The free online tally counter that actually scales
A tally counter is one of the simplest tools out there. You click a button, the number goes up. That is it. But once you start tracking more than one thing, the simple tool gets messy fast. People at the door versus kids in the door. Adults in lane one versus kids in lane two. Beers, sodas, waters at a bar count. The classic handheld metal clicker can only count one thing at a time, and most online tally counters cap you at nine counters before they ask for money. This one does not.
How this tally counter is different
You can add unlimited counters in this browser. Name each one whatever you want, set its own color tag, and pick its own step size. A door count might add 1 per click. A pallet count might add 12. A heart-rate interval might add 5. Every counter remembers its own settings, and a live total at the top of the page sums them all so you always see the big picture.
Keyboard shortcuts are first-class. Click any counter to focus it, then hammer the spacebar, the plus key, or any arrow key to add. Minus or left or down to subtract. R to reset that counter. N to open a brand new one. The whole thing is faster than reaching for a mouse, and it works just as well on a laptop trackpad as a fancy mechanical keyboard.
Saves to your browser, no signup required
Every counter, every name, every value, every step size, every color is saved to your browser local storage as you go. There is no account, no email field, no upgrade banner. Close the tab and come back next week and your counts are still here. The only catch is the same as every browser tool: if you clear your browser data, the counts go too. So if you are tracking something important, hit Export CSV once a day and keep a backup.

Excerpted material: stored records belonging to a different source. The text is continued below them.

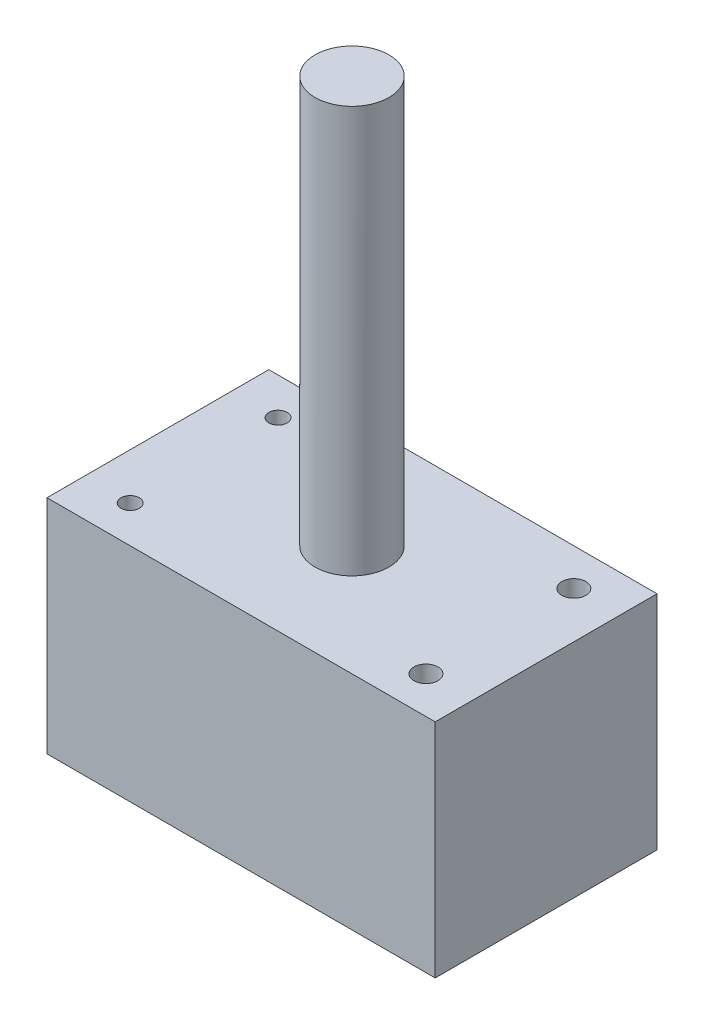
SolidWorks part; units mm, degrees
ref_plane "前视基准面" through (0, 0, 0) normal (0, 0, 1) x (1, 0, 0)
ref_plane "上视基准面" through (0, 0, 0) normal (0, 1, 0) x (1, 0, 0)
ref_plane "右视基准面" through (0, 0, 0) normal (1, 0, 0) x (0, 0, -1)
other "Configuration Table"
sketch "01_Housing_Profile" plane through (0, 0, 0) normal (0, 1, 0) x (1, 0, 0)
  line L1 (-52.5, -30) -> (52.5, -30)
  line L2 (-52.5, -30) -> (-52.5, 30)
  line L3 (-52.5, 30) -> (52.5, 30)
  line L4 (52.5, -30) -> (52.5, 30)
  line L5 (-52.5, -30) -> (52.5, 30) construction
  line L6 (-52.5, 30) -> (52.5, -30) construction
  circle A0 centre (-40, -20) radius 2.4807
  circle A1 centre (40, -20) radius 3.25
  circle A2 centre (-40, 20) radius 2.4807
  circle A3 centre (40, 20) radius 3.25
  point P0 (0, 0)
extrude "01_Housing_Block" add sketch "01_Housing_Profile" along normal blind 60
sketch "03_Output_Shaft_Profile" plane through (0, 0, 0) normal (0, 1, 0) x (1, 0, 0)
  circle A0 centre (0, 0) radius 10
extrude "03_Output_Shaft" add sketch "03_Output_Shaft_Profile" along normal blind 170

Designed for thumbs, not just mice
If you are using this on a phone, the big plus button is tall enough that you can tap it through gloves, with one hand, while looking somewhere else. Turn on vibration in Settings and your phone gives you a quick buzz on every press so you can keep your eyes on what you are counting instead of staring at the screen. On a laptop or desktop, turn on the soft click sound for the same effect.
Dark mode is one tap away too. If you are counting in low light, like at a concert or during night fieldwork, switching to dark mode means the page is not a flashlight in your eyes. The numbers are still big and tabular so you can read them at a glance.
Undo, because fingers slip
Wrong button? Sweaty thumb? Counted the same person twice by accident? Hit Undo in the toolbar. It walks back the last action across any counter, not just the most recent one. Keep clicking and you can roll back through your entire session. Even a Reset All can be walked back if you catch it fast.
Real use cases this tool was built for
Door staff at venues use it to track adult versus child entries against a capacity limit. Coaches use it to track laps and reps across a roster. Bird-watchers and field biologists use it to tally species while keeping their eyes on the binoculars. Retail floor managers use it to track sales attempts versus sales closed. Researchers use it during observation studies where every interaction needs a tick. Anyone running a stocktake uses it with a custom step of 6, 12, or 24 to count cases at a time.
For tasks that need timing instead of just counting, the CPS Test and Clicks Per Second tools measure how many clicks you can land in a fixed window. For word counts in writing, the word counter handles that separately. And for measuring typing speed, the typing speed test is the right tool. The tally counter on this page is for the open-ended job of counting things one click at a time.